Growing risk appetite from offshore investors has helped strengthen regional bond markets, according to Standard Chartered. “Not only will this help regional governments fund their economic diversification ambitions, but it will also contribute to the much needed deepening of the debt capital markets and the gradual building of a yield curve,” the bank says.
In Saudi Arabia the Capital Market Authority announced in June that it would set up a market for debt securities, including sukuk, on the Tadawul exchange. Although no target date was given, the exchange already has developed the infrastructure to operate the market, with trading to be done through licensed intermediaries.
Global sukuk issuance dropped to $15.5 billion in 2008 from $47.1 billion in 2007, in the wake of the credit crunch, according to Ernst & Young. The consulting firm estimates that the value of global sukuk issued in 2009 will rebound to $27.5 billion.
While investors globally hold more than $1.5 trillion in shariah-compliant investments, there is a need to create adequate regulation for Islamic investment instruments, says Abdul Rahman Al Baker, executive director of financial supervision at the Central Bank of Bahrain. “It is important to adopt proper corporate governance in the Islamic investment industry in order to improve the confidence of investors,” he told a conference in Bahrain in May. “This includes having proper disclosure requirements, including adequate disclosure of all terms and conditions of Islamic products, as well as transparency in disclosing financial information and indicators,” he says.
There are more than 500 funds globally that comply with Islamic principles, of which one-third were created in the past two years, according to Al Baker. The standardization of Islamic investment and instruments is the most vital component for boosting the growth of the industry, he says. This will reduce transaction costs and make it easier for more international institutions to participate in the industry, he says.
Last year, the Bahrain-based Accounting and Auditing Organization for Islamic Financial Institutions formally ruled that a popular form of sukuk structure was not shariah-compliant. Combined with the credit crunch, this had a double-barreled effect in suppressing sukuk issuance in 2008, bankers say.
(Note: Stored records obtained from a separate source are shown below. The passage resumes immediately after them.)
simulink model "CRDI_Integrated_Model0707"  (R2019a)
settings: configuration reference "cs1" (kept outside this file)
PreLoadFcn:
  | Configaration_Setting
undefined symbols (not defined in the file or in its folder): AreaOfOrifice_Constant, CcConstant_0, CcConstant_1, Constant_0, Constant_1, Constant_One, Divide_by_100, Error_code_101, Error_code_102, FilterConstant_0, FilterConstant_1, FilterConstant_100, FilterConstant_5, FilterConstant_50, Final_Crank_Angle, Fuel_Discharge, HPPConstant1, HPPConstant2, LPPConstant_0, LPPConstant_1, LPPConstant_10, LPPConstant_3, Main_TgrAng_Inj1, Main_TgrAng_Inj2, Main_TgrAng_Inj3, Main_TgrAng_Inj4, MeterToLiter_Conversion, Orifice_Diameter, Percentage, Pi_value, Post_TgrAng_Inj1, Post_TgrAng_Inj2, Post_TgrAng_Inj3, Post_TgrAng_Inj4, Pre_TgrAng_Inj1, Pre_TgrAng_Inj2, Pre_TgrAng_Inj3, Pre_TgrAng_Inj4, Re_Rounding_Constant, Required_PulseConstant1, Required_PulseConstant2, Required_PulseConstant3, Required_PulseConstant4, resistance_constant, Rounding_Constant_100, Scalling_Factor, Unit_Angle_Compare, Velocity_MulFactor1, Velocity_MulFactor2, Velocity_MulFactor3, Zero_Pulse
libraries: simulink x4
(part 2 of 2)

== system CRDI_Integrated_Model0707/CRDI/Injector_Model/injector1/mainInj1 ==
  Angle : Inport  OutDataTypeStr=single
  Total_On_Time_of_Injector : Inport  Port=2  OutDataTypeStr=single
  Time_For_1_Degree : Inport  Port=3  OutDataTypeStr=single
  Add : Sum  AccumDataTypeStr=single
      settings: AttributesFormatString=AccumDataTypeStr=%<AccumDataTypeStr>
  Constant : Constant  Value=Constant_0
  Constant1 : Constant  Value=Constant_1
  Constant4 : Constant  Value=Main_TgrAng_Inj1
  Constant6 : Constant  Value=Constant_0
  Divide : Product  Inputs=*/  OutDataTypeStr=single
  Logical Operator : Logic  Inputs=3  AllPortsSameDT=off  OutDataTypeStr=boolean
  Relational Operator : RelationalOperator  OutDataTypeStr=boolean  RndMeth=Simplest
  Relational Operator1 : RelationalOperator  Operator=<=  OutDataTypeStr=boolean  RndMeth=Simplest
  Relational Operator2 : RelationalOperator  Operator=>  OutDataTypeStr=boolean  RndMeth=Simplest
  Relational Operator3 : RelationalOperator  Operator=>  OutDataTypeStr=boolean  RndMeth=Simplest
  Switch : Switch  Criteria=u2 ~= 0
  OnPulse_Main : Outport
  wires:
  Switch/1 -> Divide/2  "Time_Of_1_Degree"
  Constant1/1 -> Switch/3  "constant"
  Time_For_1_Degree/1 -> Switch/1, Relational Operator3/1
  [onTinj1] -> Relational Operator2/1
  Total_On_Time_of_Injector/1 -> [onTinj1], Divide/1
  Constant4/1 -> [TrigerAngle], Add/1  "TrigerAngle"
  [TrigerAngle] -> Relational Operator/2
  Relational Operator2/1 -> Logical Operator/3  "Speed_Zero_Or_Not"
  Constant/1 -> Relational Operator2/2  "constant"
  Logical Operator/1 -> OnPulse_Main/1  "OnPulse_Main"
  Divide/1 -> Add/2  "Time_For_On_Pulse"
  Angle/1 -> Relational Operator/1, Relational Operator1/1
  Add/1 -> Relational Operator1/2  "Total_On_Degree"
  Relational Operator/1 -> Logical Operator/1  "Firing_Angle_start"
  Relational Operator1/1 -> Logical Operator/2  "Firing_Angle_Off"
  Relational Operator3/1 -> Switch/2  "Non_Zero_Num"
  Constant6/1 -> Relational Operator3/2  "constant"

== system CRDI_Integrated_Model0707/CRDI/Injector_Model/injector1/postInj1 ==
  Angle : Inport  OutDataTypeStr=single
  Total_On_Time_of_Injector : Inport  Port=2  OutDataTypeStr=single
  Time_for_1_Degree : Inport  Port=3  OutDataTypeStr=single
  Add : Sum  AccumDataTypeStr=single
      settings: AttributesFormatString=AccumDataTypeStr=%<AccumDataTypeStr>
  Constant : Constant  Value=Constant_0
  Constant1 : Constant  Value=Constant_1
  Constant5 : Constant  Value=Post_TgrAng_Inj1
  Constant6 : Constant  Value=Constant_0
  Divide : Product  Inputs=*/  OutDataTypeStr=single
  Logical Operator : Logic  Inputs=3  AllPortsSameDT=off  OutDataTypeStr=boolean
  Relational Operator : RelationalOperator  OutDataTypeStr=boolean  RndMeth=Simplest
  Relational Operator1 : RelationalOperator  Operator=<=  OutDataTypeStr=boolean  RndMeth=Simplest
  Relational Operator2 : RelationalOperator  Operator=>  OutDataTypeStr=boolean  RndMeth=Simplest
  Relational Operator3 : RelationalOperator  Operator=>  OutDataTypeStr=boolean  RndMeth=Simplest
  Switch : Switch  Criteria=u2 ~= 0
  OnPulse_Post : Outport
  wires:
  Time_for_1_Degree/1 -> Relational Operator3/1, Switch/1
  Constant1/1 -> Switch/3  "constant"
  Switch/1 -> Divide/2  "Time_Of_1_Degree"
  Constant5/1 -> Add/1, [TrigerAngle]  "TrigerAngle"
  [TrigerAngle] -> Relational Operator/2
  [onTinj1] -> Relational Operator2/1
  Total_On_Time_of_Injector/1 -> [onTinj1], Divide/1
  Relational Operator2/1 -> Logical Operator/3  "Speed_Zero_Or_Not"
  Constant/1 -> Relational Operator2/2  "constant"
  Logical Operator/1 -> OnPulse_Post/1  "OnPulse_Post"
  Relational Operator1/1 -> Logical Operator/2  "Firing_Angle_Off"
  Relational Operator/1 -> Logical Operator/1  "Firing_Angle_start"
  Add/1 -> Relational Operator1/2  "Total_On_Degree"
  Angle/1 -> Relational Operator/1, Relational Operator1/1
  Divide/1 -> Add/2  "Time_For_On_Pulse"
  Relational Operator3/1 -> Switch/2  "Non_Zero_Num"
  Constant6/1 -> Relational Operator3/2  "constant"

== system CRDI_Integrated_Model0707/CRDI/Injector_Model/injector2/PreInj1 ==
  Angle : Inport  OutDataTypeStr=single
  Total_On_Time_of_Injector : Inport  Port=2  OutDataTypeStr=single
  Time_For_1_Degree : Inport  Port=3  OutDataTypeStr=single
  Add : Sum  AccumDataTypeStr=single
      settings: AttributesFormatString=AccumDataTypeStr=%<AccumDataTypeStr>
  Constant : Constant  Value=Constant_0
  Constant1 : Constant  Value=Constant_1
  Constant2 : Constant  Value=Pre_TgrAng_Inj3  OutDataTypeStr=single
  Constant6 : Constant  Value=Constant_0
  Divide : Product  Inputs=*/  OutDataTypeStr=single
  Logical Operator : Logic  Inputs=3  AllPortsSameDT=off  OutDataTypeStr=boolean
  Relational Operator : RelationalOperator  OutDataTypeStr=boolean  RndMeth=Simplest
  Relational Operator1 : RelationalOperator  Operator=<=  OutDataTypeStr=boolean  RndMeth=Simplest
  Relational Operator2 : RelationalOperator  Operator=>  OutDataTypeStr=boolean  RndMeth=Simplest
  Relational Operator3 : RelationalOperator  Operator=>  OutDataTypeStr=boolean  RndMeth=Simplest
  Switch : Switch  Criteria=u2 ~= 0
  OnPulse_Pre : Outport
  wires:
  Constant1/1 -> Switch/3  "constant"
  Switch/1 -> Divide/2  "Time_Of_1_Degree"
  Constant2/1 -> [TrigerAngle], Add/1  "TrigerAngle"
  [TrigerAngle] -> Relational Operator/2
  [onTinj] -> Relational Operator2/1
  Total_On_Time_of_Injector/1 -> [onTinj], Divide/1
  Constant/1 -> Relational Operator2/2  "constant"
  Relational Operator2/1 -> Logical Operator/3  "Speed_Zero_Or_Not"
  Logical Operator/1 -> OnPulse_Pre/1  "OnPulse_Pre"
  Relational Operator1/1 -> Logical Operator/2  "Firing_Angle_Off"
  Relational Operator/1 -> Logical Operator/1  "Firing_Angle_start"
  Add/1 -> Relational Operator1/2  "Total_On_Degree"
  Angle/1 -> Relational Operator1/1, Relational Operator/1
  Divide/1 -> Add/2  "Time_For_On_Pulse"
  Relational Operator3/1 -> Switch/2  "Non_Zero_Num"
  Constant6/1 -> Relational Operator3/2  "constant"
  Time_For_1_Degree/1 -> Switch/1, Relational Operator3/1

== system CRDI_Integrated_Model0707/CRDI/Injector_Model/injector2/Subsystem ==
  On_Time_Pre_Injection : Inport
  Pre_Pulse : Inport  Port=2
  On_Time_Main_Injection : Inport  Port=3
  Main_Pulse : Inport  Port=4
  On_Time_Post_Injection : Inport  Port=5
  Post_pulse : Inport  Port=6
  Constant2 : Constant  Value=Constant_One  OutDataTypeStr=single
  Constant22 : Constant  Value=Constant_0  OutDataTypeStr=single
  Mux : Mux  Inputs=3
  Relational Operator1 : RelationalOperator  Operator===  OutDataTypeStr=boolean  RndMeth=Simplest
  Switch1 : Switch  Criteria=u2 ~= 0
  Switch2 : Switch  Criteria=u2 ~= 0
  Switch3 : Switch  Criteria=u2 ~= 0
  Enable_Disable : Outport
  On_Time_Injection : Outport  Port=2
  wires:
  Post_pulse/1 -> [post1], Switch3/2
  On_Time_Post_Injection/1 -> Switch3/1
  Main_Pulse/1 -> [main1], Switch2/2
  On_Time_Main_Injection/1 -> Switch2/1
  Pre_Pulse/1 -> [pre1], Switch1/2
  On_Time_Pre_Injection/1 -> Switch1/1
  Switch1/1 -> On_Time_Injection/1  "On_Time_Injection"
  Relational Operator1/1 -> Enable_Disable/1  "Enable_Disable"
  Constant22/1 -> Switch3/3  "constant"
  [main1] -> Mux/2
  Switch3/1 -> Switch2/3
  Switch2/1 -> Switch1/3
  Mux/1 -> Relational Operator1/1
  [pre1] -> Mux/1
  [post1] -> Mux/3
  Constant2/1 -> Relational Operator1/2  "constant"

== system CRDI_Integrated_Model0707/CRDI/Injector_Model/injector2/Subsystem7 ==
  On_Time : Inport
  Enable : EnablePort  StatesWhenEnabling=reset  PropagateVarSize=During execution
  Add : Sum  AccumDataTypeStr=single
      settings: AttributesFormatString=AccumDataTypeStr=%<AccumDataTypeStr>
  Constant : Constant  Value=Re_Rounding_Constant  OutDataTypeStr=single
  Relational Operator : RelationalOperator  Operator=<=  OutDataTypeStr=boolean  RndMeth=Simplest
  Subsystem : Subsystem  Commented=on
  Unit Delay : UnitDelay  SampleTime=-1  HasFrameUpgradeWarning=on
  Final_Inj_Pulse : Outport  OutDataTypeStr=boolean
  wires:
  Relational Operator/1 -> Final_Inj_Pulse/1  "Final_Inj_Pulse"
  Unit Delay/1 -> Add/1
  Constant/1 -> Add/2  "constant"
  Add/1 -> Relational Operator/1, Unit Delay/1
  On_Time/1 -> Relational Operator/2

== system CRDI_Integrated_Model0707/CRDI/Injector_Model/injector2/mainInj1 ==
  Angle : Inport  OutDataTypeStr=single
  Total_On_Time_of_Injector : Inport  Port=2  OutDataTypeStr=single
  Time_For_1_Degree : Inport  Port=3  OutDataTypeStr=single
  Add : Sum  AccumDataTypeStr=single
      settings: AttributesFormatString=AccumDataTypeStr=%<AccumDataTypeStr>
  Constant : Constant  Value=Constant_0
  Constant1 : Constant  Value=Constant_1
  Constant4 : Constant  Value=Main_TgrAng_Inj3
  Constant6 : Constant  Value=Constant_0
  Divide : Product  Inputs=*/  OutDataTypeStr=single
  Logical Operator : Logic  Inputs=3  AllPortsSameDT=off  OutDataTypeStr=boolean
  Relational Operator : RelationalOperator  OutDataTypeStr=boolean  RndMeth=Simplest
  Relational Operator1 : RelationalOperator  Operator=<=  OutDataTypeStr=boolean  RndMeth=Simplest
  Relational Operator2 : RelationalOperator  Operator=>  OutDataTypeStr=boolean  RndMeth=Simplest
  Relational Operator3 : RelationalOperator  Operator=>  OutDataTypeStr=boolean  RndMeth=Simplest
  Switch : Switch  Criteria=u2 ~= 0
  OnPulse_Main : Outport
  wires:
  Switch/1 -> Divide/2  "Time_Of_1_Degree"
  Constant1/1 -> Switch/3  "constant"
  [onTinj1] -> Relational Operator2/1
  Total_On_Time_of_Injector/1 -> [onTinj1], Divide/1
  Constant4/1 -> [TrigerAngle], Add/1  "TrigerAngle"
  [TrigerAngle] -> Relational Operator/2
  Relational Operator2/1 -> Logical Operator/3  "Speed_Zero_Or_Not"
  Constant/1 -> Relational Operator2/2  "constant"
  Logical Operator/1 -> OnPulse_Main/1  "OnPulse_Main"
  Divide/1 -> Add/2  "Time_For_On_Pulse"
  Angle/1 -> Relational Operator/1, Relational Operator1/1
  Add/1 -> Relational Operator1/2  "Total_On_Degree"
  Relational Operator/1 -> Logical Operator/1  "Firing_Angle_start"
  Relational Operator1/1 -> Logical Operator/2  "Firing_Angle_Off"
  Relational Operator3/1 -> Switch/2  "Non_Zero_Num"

“Islamic jurisprudence is not homogenous, and fatwas [religious rulings] are not bound to precedents, hence the lingering uncertainty on the validity of some contracts or structures impairs the establishment of standards,” says Nasser Saidi, chief economist at the Dubai International Financial Center. Successful sovereign bond issues would contribute to establishing a regional yield curve and form the basis for an increase in corporate bond issuance in the region, he told a conference at the DIFC in May. Deeper bond markets in local currencies allow small, open economies to better absorb volatile capital flows, he says.